YOUR TASK - When a record contains an image, skip the image and retype the rest of that record exactly.

------ EXERCISE MATERIALS

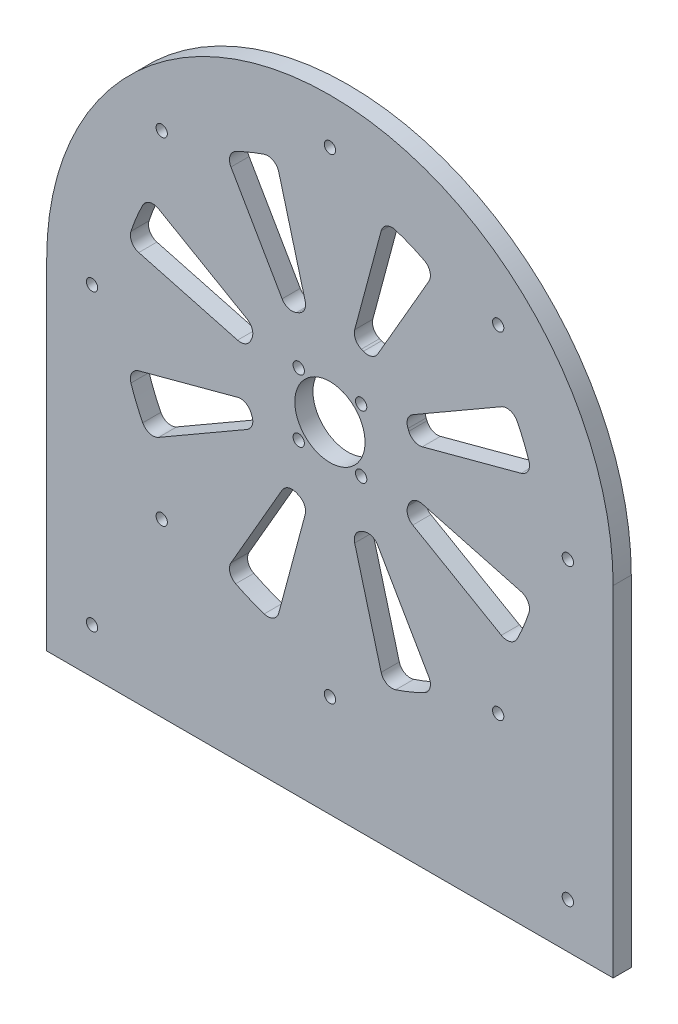
SolidWorks part; units mm, degrees
material "Delrin 2700 NC010, Low Viscosity Acetal Copolymer (SS)"
ref_plane "Ön Düzlem" through (0, 0, 0) normal (0, 0, 1) x (1, 0, 0)
ref_plane "Üst Düzlem" through (0, 0, 0) normal (0, 1, 0) x (1, 0, 0)
ref_plane "Sağ Düzlem" through (0, 0, 0) normal (1, 0, 0) x (0, 0, -1)
sketch "Sketch1" plane through (0, 0, 0) normal (0, 0, 1) x (1, 0, 0)
  line L1 (-250, -300) -> (250, -300)
  line L2 (-250, -300) -> (-250, 0)
  line L4 (250, -300) -> (250, 0)
  arc A0 (250, 0) -> (-250, 0) centre (0, 0) ccw
  dimension "D1" = 500
  dimension "D2" = 300
extrude "Boss-Extrude1" add sketch "Sketch1" along normal blind 16
sketch "Sketch3" plane through (0, 0, 0) normal (0, 0, -1) x (-1, 0, 0)
  circle A0 centre (0, 0) radius 31
  circle A1 centre (0, 0) radius 39 construction
  circle A2 centre (-27.55, 27.6043) radius 5
  circle A3 centre (27.55, 27.6043) radius 5
  circle A4 centre (27.55, -27.6043) radius 5
  circle A5 centre (-27.55, -27.6043) radius 5
  circle A6 centre (0, 0) radius 210 construction
  circle A7 centre (0, 210) radius 5
  circle A8 centre (148.4924, 148.4924) radius 5
  circle A9 centre (210, 0) radius 5
  circle A10 centre (148.4924, -148.4924) radius 5
  circle A11 centre (0, -210) radius 5
  circle A12 centre (-148.4924, -148.4924) radius 5
  circle A13 centre (-210, 0) radius 5
  circle A14 centre (-148.4924, 148.4924) radius 5
  point P17 (0, 0)
  point P33 (0, 0)
  dimension "D1" = 62
  dimension "D2" = 10
  dimension "D3" = 78
  dimension "D5" = 420
  dimension "D6" = 10
  dimension "D4" = 55.1
  dimension "D7" = 8
extrude "Cut-Extrude1" cut sketch "Sketch3" against normal through all
sketch "Sketch4" plane through (0, 0, 0) normal (0, 0, -1) x (-1, 0, 0)
  line L0 (0, 0) -> (0, 275.7905) construction
  line L1 (42.2049, 73.101) -> (87.357, 151.3068)
  line L2 (21.8468, 81.5335) -> (45.2193, 168.7608)
  arc A0 (29.5982, 68.9126) -> (27.7995, 69.6576) centre (0, 0) ccw
  circle A1 centre (0, 0) radius 250.1702 construction
  arc A2 (58.0145, 175.6682) -> (83.1937, 165.2386) centre (0, 0) cw
  arc A3 (58.0145, 175.6682) -> (45.2193, 168.7608) centre (54.8786, 166.1726) ccw
  arc A4 (21.8468, 81.5335) -> (27.7995, 69.6576) centre (31.5061, 78.9453) ccw
  arc A5 (29.5982, 68.9126) -> (42.2049, 73.101) centre (33.5446, 78.101) ccw
  arc A6 (83.1937, 165.2386) -> (87.357, 151.3068) centre (78.6968, 156.3068) cw
  dimension "D1" = 150
  dimension "D2" = 15
  dimension "D3" = 30
  dimension "D4" = 185
  dimension "D5" = 10
  dimension "D6" = 10
extrude "Cut-Extrude2" cut sketch "Sketch4" against normal through all
pattern_circular "CirPattern1" count 8 over 360 about axis through (0, 0, 0) along (0, 0, 1) of "Cut-Extrude2"
sketch "Sketch7" plane through (0, 0, 0) normal (0, 0, -1) x (-1, 0, 0)
  line L0 (-250, -300) -> (-250, 0) construction
  line L1 (250, -300) -> (-250, -300) construction
  line L2 (250, 0) -> (250, -300) construction
  circle A0 centre (-210, -260) radius 5
  circle A1 centre (210, -260) radius 5
  dimension "D1" = 10
  dimension "D4" = 10
  dimension "D2" = 40
  dimension "D3" = 40
  dimension "D5" = 40
  dimension "D6" = 40
extrude "Cut-Extrude4" cut sketch "Sketch7" against normal through all
sketch "Sketch5" plane through (0, 0, 0) normal (0, 0, -1) x (-1, 0, 0)
  text T0 "   Gökhan ÇAKAL - Ozan KEYSAN\r\nAxial Flux Permanent Magnet Machine" font "Consolas" height in points 48
extrude "Cut-Extrude3" cut sketch "Sketch5" against normal blind 1

------------

TASK RESPONSE -
SolidWorks part; units mm, degrees
material "Delrin 2700 NC010, Low Viscosity Acetal Copolymer (SS)"
ref_plane "Ön Düzlem" through (0, 0, 0) normal (0, 0, 1) x (1, 0, 0)
ref_plane "Üst Düzlem" through (0, 0, 0) normal (0, 1, 0) x (1, 0, 0)
ref_plane "Sağ Düzlem" through (0, 0, 0) normal (1, 0, 0) x (0, 0, -1)
sketch "Sketch1" plane through (0, 0, 0) normal (0, 0, 1) x (1, 0, 0)
  line L1 (-250, -300) -> (250, -300)
  line L2 (-250, -300) -> (-250, 0)
  line L4 (250, -300) -> (250, 0)
  arc A0 (250, 0) -> (-250, 0) centre (0, 0) ccw
  dimension "D1" = 500
  dimension "D2" = 300
extrude "Boss-Extrude1" add sketch "Sketch1" along normal blind 16
sketch "Sketch3" plane through (0, 0, 0) normal (0, 0, -1) x (-1, 0, 0)
  circle A0 centre (0, 0) radius 31
  circle A1 centre (0, 0) radius 39 construction
  circle A2 centre (-27.55, 27.6043) radius 5
  circle A3 centre (27.55, 27.6043) radius 5
  circle A4 centre (27.55, -27.6043) radius 5
  circle A5 centre (-27.55, -27.6043) radius 5
  circle A6 centre (0, 0) radius 210 construction
  circle A7 centre (0, 210) radius 5
  circle A8 centre (148.4924, 148.4924) radius 5
  circle A9 centre (210, 0) radius 5
  circle A10 centre (148.4924, -148.4924) radius 5
  circle A11 centre (0, -210) radius 5
  circle A12 centre (-148.4924, -148.4924) radius 5
  circle A13 centre (-210, 0) radius 5
  circle A14 centre (-148.4924, 148.4924) radius 5
  point P17 (0, 0)
  point P33 (0, 0)
  dimension "D1" = 62
  dimension "D2" = 10
  dimension "D3" = 78
  dimension "D5" = 420
  dimension "D6" = 10
  dimension "D4" = 55.1
  dimension "D7" = 8
extrude "Cut-Extrude1" cut sketch "Sketch3" against normal through all
sketch "Sketch4" plane through (0, 0, 0) normal (0, 0, -1) x (-1, 0, 0)
  line L0 (0, 0) -> (0, 275.7905) construction
  line L1 (42.2049, 73.101) -> (87.357, 151.3068)
  line L2 (21.8468, 81.5335) -> (45.2193, 168.7608)
  arc A0 (29.5982, 68.9126) -> (27.7995, 69.6576) centre (0, 0) ccw
  circle A1 centre (0, 0) radius 250.1702 construction
  arc A2 (58.0145, 175.6682) -> (83.1937, 165.2386) centre (0, 0) cw
  arc A3 (58.0145, 175.6682) -> (45.2193, 168.7608) centre (54.8786, 166.1726) ccw
  arc A4 (21.8468, 81.5335) -> (27.7995, 69.6576) centre (31.5061, 78.9453) ccw
  arc A5 (29.5982, 68.9126) -> (42.2049, 73.101) centre (33.5446, 78.101) ccw
  arc A6 (83.1937, 165.2386) -> (87.357, 151.3068) centre (78.6968, 156.3068) cw
  dimension "D1" = 150
  dimension "D2" = 15
  dimension "D3" = 30
  dimension "D4" = 185
  dimension "D5" = 10
  dimension "D6" = 10
extrude "Cut-Extrude2" cut sketch "Sketch4" against normal through all
pattern_circular "CirPattern1" count 8 over 360 about axis through (0, 0, 0) along (0, 0, 1) of "Cut-Extrude2"
sketch "Sketch7" plane through (0, 0, 0) normal (0, 0, -1) x (-1, 0, 0)
  line L0 (-250, -300) -> (-250, 0) construction
  line L1 (250, -300) -> (-250, -300) construction
  line L2 (250, 0) -> (250, -300) construction
  circle A0 centre (-210, -260) radius 5
  circle A1 centre (210, -260) radius 5
  dimension "D1" = 10
  dimension "D4" = 10
  dimension "D2" = 40
  dimension "D3" = 40
  dimension "D5" = 40
  dimension "D6" = 40
extrude "Cut-Extrude4" cut sketch "Sketch7" against normal through all
sketch "Sketch5" plane through (0, 0, 0) normal (0, 0, -1) x (-1, 0, 0)
  text T0 "   Gökhan ÇAKAL - Ozan KEYSAN\r\nAxial Flux Permanent Magnet Machine" font "Consolas" height in points 48
extrude "Cut-Extrude3" cut sketch "Sketch5" against normal blind 1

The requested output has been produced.